(Saved entries)
▽

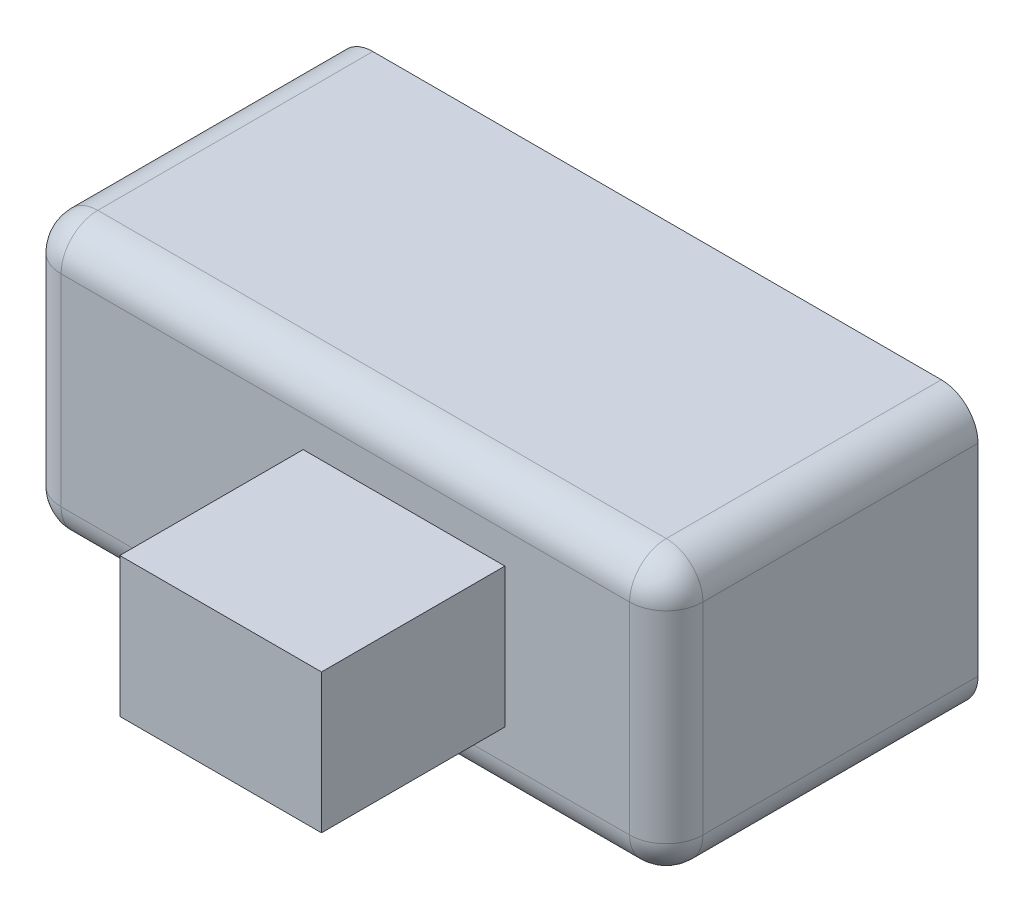
ISO-10303-21;
HEADER;
FILE_DESCRIPTION(('STEP AP214'),'2;1');
FILE_NAME('part.step','',(''),(''),'','','');
FILE_SCHEMA(('AUTOMOTIVE_DESIGN { 1 0 10303 214 1 1 1 1 }'));
ENDSEC;
DATA;
#1=APPLICATION_CONTEXT('core data for automotive mechanical design processes');
#2=APPLICATION_PROTOCOL_DEFINITION('international standard','automotive_design',2000,#1);
#3=PRODUCT_CONTEXT('',#1,'mechanical');
#4=PRODUCT('Part','Part','',(#3));
#5=PRODUCT_RELATED_PRODUCT_CATEGORY('part','',(#4));
#6=PRODUCT_DEFINITION_FORMATION('','',#4);
#7=PRODUCT_DEFINITION_CONTEXT('part definition',#1,'design');
#8=PRODUCT_DEFINITION('design','',#6,#7);
#9=PRODUCT_DEFINITION_SHAPE('','',#8);
#10=(LENGTH_UNIT() NAMED_UNIT(*) SI_UNIT(.MILLI.,.METRE.));
#11=(NAMED_UNIT(*) PLANE_ANGLE_UNIT() SI_UNIT($,.RADIAN.));
#12=(NAMED_UNIT(*) SI_UNIT($,.STERADIAN.) SOLID_ANGLE_UNIT());
#13=UNCERTAINTY_MEASURE_WITH_UNIT(LENGTH_MEASURE(1.E-05),#10,'distance_accuracy_value','');
#14=(GEOMETRIC_REPRESENTATION_CONTEXT(3) GLOBAL_UNCERTAINTY_ASSIGNED_CONTEXT((#13)) GLOBAL_UNIT_ASSIGNED_CONTEXT((#10,
#11,#12)) REPRESENTATION_CONTEXT('',''));
#15=CARTESIAN_POINT('',(0.,0.,0.));
#16=DIRECTION('',(0.,0.,1.));
#17=DIRECTION('',(1.,0.,0.));
#18=AXIS2_PLACEMENT_3D('',#15,#16,#17);
#19=CARTESIAN_POINT('',(0.,0.,8.5));
#20=DIRECTION('',(0.,0.,1.));
#21=DIRECTION('',(1.,0.,0.));
#22=AXIS2_PLACEMENT_3D('',#19,#20,#21);
#23=PLANE('',#22);
#24=DIRECTION('',(0.,-1.,0.));
#25=VECTOR('',#24,1.);
#26=CARTESIAN_POINT('',(-7.75,-2.75,8.5));
#27=LINE('',#26,#25);
#28=CARTESIAN_POINT('',(-7.75,2.75,8.5));
#29=VERTEX_POINT('',#28);
#30=CARTESIAN_POINT('',(-7.75,-2.75,8.5));
#31=VERTEX_POINT('',#30);
#32=EDGE_CURVE('E229',#29,#31,#27,.T.);
#33=ORIENTED_EDGE('',*,*,#32,.T.);
#34=DIRECTION('',(1.,0.,0.));
#35=VECTOR('',#34,1.);
#36=CARTESIAN_POINT('',(7.75,-2.75,8.5));
#37=LINE('',#36,#35);
#38=CARTESIAN_POINT('',(7.75,-2.75,8.5));
#39=VERTEX_POINT('',#38);
#40=EDGE_CURVE('E231',#31,#39,#37,.T.);
#41=ORIENTED_EDGE('',*,*,#40,.T.);
#42=DIRECTION('',(0.,1.,0.));
#43=VECTOR('',#42,1.);
#44=CARTESIAN_POINT('',(7.75,2.75,8.5));
#45=LINE('',#44,#43);
#46=CARTESIAN_POINT('',(7.75,2.75,8.5));
#47=VERTEX_POINT('',#46);
#48=EDGE_CURVE('E225',#39,#47,#45,.T.);
#49=ORIENTED_EDGE('',*,*,#48,.T.);
#50=DIRECTION('',(-1.,0.,0.));
#51=VECTOR('',#50,1.);
#52=CARTESIAN_POINT('',(-7.75,2.75,8.5));
#53=LINE('',#52,#51);
#54=EDGE_CURVE('E227',#47,#29,#53,.T.);
#55=ORIENTED_EDGE('',*,*,#54,.T.);
#56=EDGE_LOOP('',(#33,#41,#49,#55));
#57=FACE_BOUND('',#56,.T.);
#58=DIRECTION('',(-1.,0.,0.));
#59=VECTOR('',#58,1.);
#60=CARTESIAN_POINT('',(-1.15,1.9,8.5));
#61=LINE('',#60,#59);
#62=CARTESIAN_POINT('',(4.35,1.9,8.5));
#63=VERTEX_POINT('',#62);
#64=CARTESIAN_POINT('',(-1.15,1.9,8.5));
#65=VERTEX_POINT('',#64);
#66=EDGE_CURVE('E269',#63,#65,#61,.T.);
#67=ORIENTED_EDGE('',*,*,#66,.F.);
#68=DIRECTION('',(0.,1.,0.));
#69=VECTOR('',#68,1.);
#70=CARTESIAN_POINT('',(4.35,1.9,8.5));
#71=LINE('',#70,#69);
#72=CARTESIAN_POINT('',(4.35,-1.9,8.5));
#73=VERTEX_POINT('',#72);
#74=EDGE_CURVE('E177',#73,#63,#71,.T.);
#75=ORIENTED_EDGE('',*,*,#74,.F.);
#76=DIRECTION('',(1.,0.,0.));
#77=VECTOR('',#76,1.);
#78=CARTESIAN_POINT('',(-1.15,-1.9,8.5));
#79=LINE('',#78,#77);
#80=CARTESIAN_POINT('',(-1.15,-1.9,8.5));
#81=VERTEX_POINT('',#80);
#82=EDGE_CURVE('E173',#81,#73,#79,.T.);
#83=ORIENTED_EDGE('',*,*,#82,.F.);
#84=DIRECTION('',(0.,-1.,0.));
#85=VECTOR('',#84,1.);
#86=CARTESIAN_POINT('',(-1.15,1.9,8.5));
#87=LINE('',#86,#85);
#88=EDGE_CURVE('E271',#65,#81,#87,.T.);
#89=ORIENTED_EDGE('',*,*,#88,.F.);
#90=EDGE_LOOP('',(#67,#75,#83,#89));
#91=FACE_BOUND('',#90,.T.);
#92=ADVANCED_FACE('F51',(#57,#91),#23,.T.);
#93=CARTESIAN_POINT('',(8.75,3.75,8.5));
#94=DIRECTION('',(-1.,0.,0.));
#95=DIRECTION('',(0.,0.,1.));
#96=AXIS2_PLACEMENT_3D('',#93,#94,#95);
#97=PLANE('',#96);
#98=DIRECTION('',(0.,0.,-1.));
#99=VECTOR('',#98,1.);
#100=CARTESIAN_POINT('',(8.75,2.75,8.5));
#101=LINE('',#100,#99);
#102=CARTESIAN_POINT('',(8.75,2.75,0.));
#103=VERTEX_POINT('',#102);
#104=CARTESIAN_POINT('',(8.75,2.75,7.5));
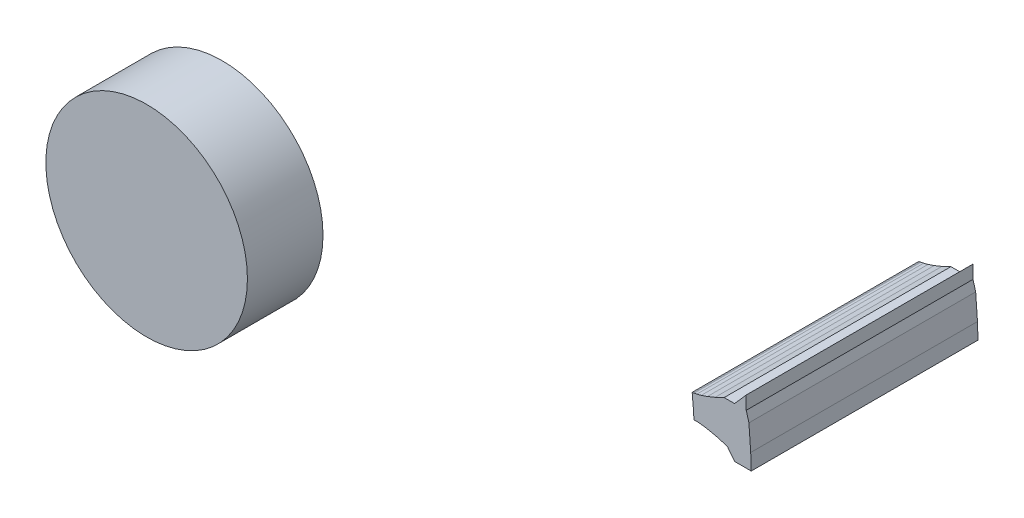
ISO-10303-21;
HEADER;
FILE_DESCRIPTION(('STEP AP214'),'2;1');
FILE_NAME('part.step','',(''),(''),'','','');
FILE_SCHEMA(('AUTOMOTIVE_DESIGN { 1 0 10303 214 1 1 1 1 }'));
ENDSEC;
DATA;
#1=APPLICATION_CONTEXT('core data for automotive mechanical design processes');
#2=APPLICATION_PROTOCOL_DEFINITION('international standard','automotive_design',2000,#1);
#3=PRODUCT_CONTEXT('',#1,'mechanical');
#4=PRODUCT('Part','Part','',(#3));
#5=PRODUCT_RELATED_PRODUCT_CATEGORY('part','',(#4));
#6=PRODUCT_DEFINITION_FORMATION('','',#4);
#7=PRODUCT_DEFINITION_CONTEXT('part definition',#1,'design');
#8=PRODUCT_DEFINITION('design','',#6,#7);
#9=PRODUCT_DEFINITION_SHAPE('','',#8);
#10=(LENGTH_UNIT() NAMED_UNIT(*) SI_UNIT(.MILLI.,.METRE.));
#11=(NAMED_UNIT(*) PLANE_ANGLE_UNIT() SI_UNIT($,.RADIAN.));
#12=(NAMED_UNIT(*) SI_UNIT($,.STERADIAN.) SOLID_ANGLE_UNIT());
#13=UNCERTAINTY_MEASURE_WITH_UNIT(LENGTH_MEASURE(1.E-05),#10,'distance_accuracy_value','');
#14=(GEOMETRIC_REPRESENTATION_CONTEXT(3) GLOBAL_UNCERTAINTY_ASSIGNED_CONTEXT((#13)) GLOBAL_UNIT_ASSIGNED_CONTEXT((#10,
#11,#12)) REPRESENTATION_CONTEXT('',''));
#15=CARTESIAN_POINT('',(0.,0.,0.));
#16=DIRECTION('',(0.,0.,1.));
#17=DIRECTION('',(1.,0.,0.));
#18=AXIS2_PLACEMENT_3D('',#15,#16,#17);
#19=CARTESIAN_POINT('',(0.,0.,24.));
#20=DIRECTION('',(0.,0.,-1.));
#21=DIRECTION('',(-1.,0.,0.));
#22=AXIS2_PLACEMENT_3D('',#19,#20,#21);
#23=CYLINDRICAL_SURFACE('',#22,8.);
#24=CARTESIAN_POINT('',(0.,0.,18.));
#25=DIRECTION('',(0.,0.,1.));
#26=DIRECTION('',(1.,0.,0.));
#27=AXIS2_PLACEMENT_3D('',#24,#25,#26);
#28=CIRCLE('',#27,8.);
#29=CARTESIAN_POINT('',(8.,0.,18.));
#30=VERTEX_POINT('',#29);
#31=EDGE_CURVE('E56',#30,#30,#28,.T.);
#32=ORIENTED_EDGE('',*,*,#31,.T.);
#33=EDGE_LOOP('',(#32));
#34=FACE_BOUND('',#33,.T.);
#35=CARTESIAN_POINT('',(0.,0.,24.));
#36=DIRECTION('',(0.,0.,1.));
#37=DIRECTION('',(1.,0.,0.));
#38=AXIS2_PLACEMENT_3D('',#35,#36,#37);
#39=CIRCLE('',#38,8.);
#40=CARTESIAN_POINT('',(8.,0.,24.));
#41=VERTEX_POINT('',#40);
#42=EDGE_CURVE('E12',#41,#41,#39,.T.);
#43=ORIENTED_EDGE('',*,*,#42,.F.);
#44=EDGE_LOOP('',(#43));
#45=FACE_BOUND('',#44,.T.);
#46=ADVANCED_FACE('F52',(#34,#45),#23,.T.);
#47=CARTESIAN_POINT('',(0.,0.,24.));
#48=DIRECTION('',(0.,0.,1.));
#49=DIRECTION('',(1.,0.,0.));
#50=AXIS2_PLACEMENT_3D('',#47,#48,#49);
#51=PLANE('',#50);
#52=ORIENTED_EDGE('',*,*,#42,.T.);
#53=EDGE_LOOP('',(#52));
#54=FACE_BOUND('',#53,.T.);
#55=ADVANCED_FACE('F68',(#54),#51,.T.);
#56=CARTESIAN_POINT('',(0.,0.,18.));
#57=DIRECTION('',(0.,0.,1.));
#58=DIRECTION('',(1.,0.,0.));
#59=AXIS2_PLACEMENT_3D('',#56,#57,#58);
#60=PLANE('',#59);
#61=ORIENTED_EDGE('',*,*,#31,.F.);
#62=EDGE_LOOP('',(#61));
#63=FACE_BOUND('',#62,.T.);
#64=ADVANCED_FACE('F54',(#63),#60,.F.);
#65=CLOSED_SHELL('',(#46,#55,#64));
#66=MANIFOLD_SOLID_BREP('B2',#65);
#67=CARTESIAN_POINT('',(0.,0.,0.));
#68=DIRECTION('',(0.,0.,1.));
#69=DIRECTION('',(1.,0.,0.));
#70=AXIS2_PLACEMENT_3D('',#67,#68,#69);
#71=PLANE('',#70);
#72=DIRECTION('',(0.0905981513208065,-0.995887531289177,0.));
#73=VECTOR('',#72,1.);
#74=CARTESIAN_POINT('',(37.3844000630674,2.94221547894263,0.));
#75=LINE('',#74,#73);
#76=CARTESIAN_POINT('',(37.3016220136472,3.8521416317403,0.));
#77=VERTEX_POINT('',#76);
#78=CARTESIAN_POINT('',(37.3844000630674,2.94221547894263,0.));
#79=VERTEX_POINT('',#78);
#80=EDGE_CURVE('E261',#77,#79,#75,.T.);
#81=ORIENTED_EDGE('',*,*,#80,.F.);
#82=DIRECTION('',(-0.994709920363927,-0.102723776846406,0.));
#83=VECTOR('',#82,1.);
#84=CARTESIAN_POINT('',(37.3016220136472,3.8521416317403,0.));
#85=LINE('',#84,#83);
#86=CARTESIAN_POINT('',(37.3888580736632,3.86115050696973,0.));
#87=VERTEX_POINT('',#86);
#88=EDGE_CURVE('E322',#87,#77,#85,.T.);
#89=ORIENTED_EDGE('',*,*,#88,.F.);
#90=DIRECTION('',(-0.989588019686755,-0.143928980029897,0.));
#91=VECTOR('',#90,1.);
#92=CARTESIAN_POINT('',(37.3888580736632,3.86115050696973,0.));
#93=LINE('',#92,#91);
#94=CARTESIAN_POINT('',(37.4610062205837,3.87164397393855,0.));
#95=VERTEX_POINT('',#94);
#96=EDGE_CURVE('E319',#95,#87,#93,.T.);
#97=ORIENTED_EDGE('',*,*,#96,.F.);
#98=DIRECTION('',(-0.980106852465355,-0.198470546304621,0.));
#99=VECTOR('',#98,1.);
#100=CARTESIAN_POINT('',(37.4610062205837,3.87164397393855,0.));
#101=LINE('',#100,#99);
#102=CARTESIAN_POINT('',(37.6753666553117,3.91505172328705,0.));
#103=VERTEX_POINT('',#102);
#104=EDGE_CURVE('E316',#103,#95,#101,.T.);
#105=ORIENTED_EDGE('',*,*,#104,.F.);
#106=DIRECTION('',(-0.966209673830987,-0.257757378546992,0.));
#107=VECTOR('',#106,1.);
#108=CARTESIAN_POINT('',(37.6753666553117,3.91505172328705,0.));
#109=LINE('',#108,#107);
#110=CARTESIAN_POINT('',(38.0275669136587,4.0090087781312,0.));
#111=VERTEX_POINT('',#110);
#112=EDGE_CURVE('E313',#111,#103,#109,.T.);
#113=ORIENTED_EDGE('',*,*,#112,.F.);
#114=DIRECTION('',(-0.948479410692144,-0.316838772079875,0.));
#115=VECTOR('',#114,1.);
#116=CARTESIAN_POINT('',(38.0275669136587,4.0090087781312,0.));
#117=LINE('',#116,#115);
#118=CARTESIAN_POINT('',(38.5115985785753,4.17069916026405,0.));
#119=VERTEX_POINT('',#118);
#120=EDGE_CURVE('E310',#119,#111,#117,.T.);
#121=ORIENTED_EDGE('',*,*,#120,.F.);
#122=DIRECTION('',(-0.927041376804356,-0.374959045353867,0.));
#123=VECTOR('',#122,1.);
#124=CARTESIAN_POINT('',(38.5115985785753,4.17069916026405,0.));
#125=LINE('',#124,#123);
#126=CARTESIAN_POINT('',(39.1198585891778,4.4167211810811,0.));
#127=VERTEX_POINT('',#126);
#128=EDGE_CURVE('E307',#127,#119,#125,.T.);
#129=ORIENTED_EDGE('',*,*,#128,.F.);
#130=DIRECTION('',(-0.901994032209611,-0.431748498385631,0.));
#131=VECTOR('',#130,1.);
#132=CARTESIAN_POINT('',(39.1198585891778,4.4167211810811,0.));
#133=LINE('',#132,#131);
#134=CARTESIAN_POINT('',(39.843200936271,4.76295625695094,0.));
#135=VERTEX_POINT('',#134);
#136=EDGE_CURVE('E304',#135,#127,#133,.T.);
#137=ORIENTED_EDGE('',*,*,#136,.F.);
#138=DIRECTION('',(-1.,0.,0.));
#139=VECTOR('',#138,1.);
#140=CARTESIAN_POINT('',(39.843200936271,4.76295625695094,0.));
#141=LINE('',#140,#139);
#142=CARTESIAN_POINT('',(40.670998457739,4.76295625695094,0.));
#143=VERTEX_POINT('',#142);
#144=EDGE_CURVE('E301',#143,#135,#141,.T.);
#145=ORIENTED_EDGE('',*,*,#144,.F.);
#146=DIRECTION('',(-0.659764565184818,-0.751472367107725,0.));
#147=VECTOR('',#146,1.);
#148=CARTESIAN_POINT('',(40.670998457739,4.76295625695094,0.));
#149=LINE('',#148,#147);
#150=CARTESIAN_POINT('',(41.5953853121842,5.81583362304391,0.));
#151=VERTEX_POINT('',#150);
#152=EDGE_CURVE('E298',#151,#143,#149,.T.);
#153=ORIENTED_EDGE('',*,*,#152,.F.);
#154=DIRECTION('',(0.,1.,0.));
#155=VECTOR('',#154,1.);
#156=CARTESIAN_POINT('',(41.5953853121842,5.81583362304391,0.));
#157=LINE('',#156,#155);
#158=CARTESIAN_POINT('',(41.5953853121842,4.76295625695094,0.));
#159=VERTEX_POINT('',#158);
#160=EDGE_CURVE('E294',#159,#151,#157,.T.);
#161=ORIENTED_EDGE('',*,*,#160,.F.);
#162=DIRECTION('',(-0.271684671108807,0.962386325487067,0.));
#163=VECTOR('',#162,1.);
#164=CARTESIAN_POINT('',(41.5953853121842,4.76295625695094,0.));
#165=LINE('',#164,#163);
#166=CARTESIAN_POINT('',(41.8082270446484,4.0090087781312,0.));
#167=VERTEX_POINT('',#166);
#168=EDGE_CURVE('E291',#167,#159,#165,.T.);
#169=ORIENTED_EDGE('',*,*,#168,.F.);
#170=DIRECTION('',(-0.07204163073137,0.997401625946923,0.));
#171=VECTOR('',#170,1.);
#172=CARTESIAN_POINT('',(41.8082270446484,4.0090087781312,0.));
#173=LINE('',#172,#171);
#174=CARTESIAN_POINT('',(41.9503880941238,2.04081815760224,0.));
#175=VERTEX_POINT('',#174);
#176=EDGE_CURVE('E295',#175,#167,#173,.T.);
#177=ORIENTED_EDGE('',*,*,#176,.F.);
#178=DIRECTION('',(-0.0336388276485857,0.999434054490054,0.));
#179=VECTOR('',#178,1.);
#180=CARTESIAN_POINT('',(41.9503880941238,2.04081815760239,0.));
#181=LINE('',#180,#179);
#182=CARTESIAN_POINT('',(41.9926721873227,0.784526970889533,0.));
#183=VERTEX_POINT('',#182);
#184=EDGE_CURVE('E96',#183,#175,#181,.T.);
#185=ORIENTED_EDGE('',*,*,#184,.F.);
#186=DIRECTION('',(1.,0.,0.));
#187=VECTOR('',#186,1.);
#188=CARTESIAN_POINT('',(41.9926721873227,0.784526970889533,0.));
#189=LINE('',#188,#187);
#190=CARTESIAN_POINT('',(40.670998457739,0.784526970889533,0.));
#191=VERTEX_POINT('',#190);
#192=EDGE_CURVE('E290',#191,#183,#189,.T.);
#193=ORIENTED_EDGE('',*,*,#192,.F.);
#194=DIRECTION('',(0.610333454309873,-0.792144604570515,0.));
#195=VECTOR('',#194,1.);
#196=CARTESIAN_POINT('',(40.670998457739,0.784526970889533,0.));
#197=LINE('',#196,#195);
#198=CARTESIAN_POINT('',(40.0977555807619,1.52853215182669,0.));
#199=VERTEX_POINT('',#198);
#200=EDGE_CURVE('E288',#199,#191,#197,.T.);
#201=ORIENTED_EDGE('',*,*,#200,.F.);
#202=DIRECTION('',(0.958429324952267,-0.285330035347738,0.));
#203=VECTOR('',#202,1.);
#204=CARTESIAN_POINT('',(40.0977555807619,1.52853215182669,0.));
#205=LINE('',#204,#203);
#206=CARTESIAN_POINT('',(39.329155686885,1.75734885137738,0.));
#207=VERTEX_POINT('',#206);
#208=EDGE_CURVE('E285',#207,#199,#205,.T.);
#209=ORIENTED_EDGE('',*,*,#208,.F.);
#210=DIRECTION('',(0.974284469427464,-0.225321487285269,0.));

△

- EXERCISE: In the entries above, the lines between the one holding "#134=CARTESIAN_POINT('',(39.843200936271,4.76295625695094,0.));" and the one holding "#164=CARTESIAN_POINT('',(41.5953853121842,4.76295625695094,0.));", inclusive, are to be printed exactly as written, and those alone.

- REPLY:
#134=CARTESIAN_POINT('',(39.843200936271,4.76295625695094,0.));
#135=VERTEX_POINT('',#134);
#136=EDGE_CURVE('E304',#135,#127,#133,.T.);
#137=ORIENTED_EDGE('',*,*,#136,.F.);
#138=DIRECTION('',(-1.,0.,0.));
#139=VECTOR('',#138,1.);
#140=CARTESIAN_POINT('',(39.843200936271,4.76295625695094,0.));
#141=LINE('',#140,#139);
#142=CARTESIAN_POINT('',(40.670998457739,4.76295625695094,0.));
#143=VERTEX_POINT('',#142);
#144=EDGE_CURVE('E301',#143,#135,#141,.T.);
#145=ORIENTED_EDGE('',*,*,#144,.F.);
#146=DIRECTION('',(-0.659764565184818,-0.751472367107725,0.));
#147=VECTOR('',#146,1.);
#148=CARTESIAN_POINT('',(40.670998457739,4.76295625695094,0.));
#149=LINE('',#148,#147);
#150=CARTESIAN_POINT('',(41.5953853121842,5.81583362304391,0.));
#151=VERTEX_POINT('',#150);
#152=EDGE_CURVE('E298',#151,#143,#149,.T.);
#153=ORIENTED_EDGE('',*,*,#152,.F.);
#154=DIRECTION('',(0.,1.,0.));
#155=VECTOR('',#154,1.);
#156=CARTESIAN_POINT('',(41.5953853121842,5.81583362304391,0.));
#157=LINE('',#156,#155);
#158=CARTESIAN_POINT('',(41.5953853121842,4.76295625695094,0.));
#159=VERTEX_POINT('',#158);
#160=EDGE_CURVE('E294',#159,#151,#157,.T.);
#161=ORIENTED_EDGE('',*,*,#160,.F.);
#162=DIRECTION('',(-0.271684671108807,0.962386325487067,0.));
#163=VECTOR('',#162,1.);
#164=CARTESIAN_POINT('',(41.5953853121842,4.76295625695094,0.));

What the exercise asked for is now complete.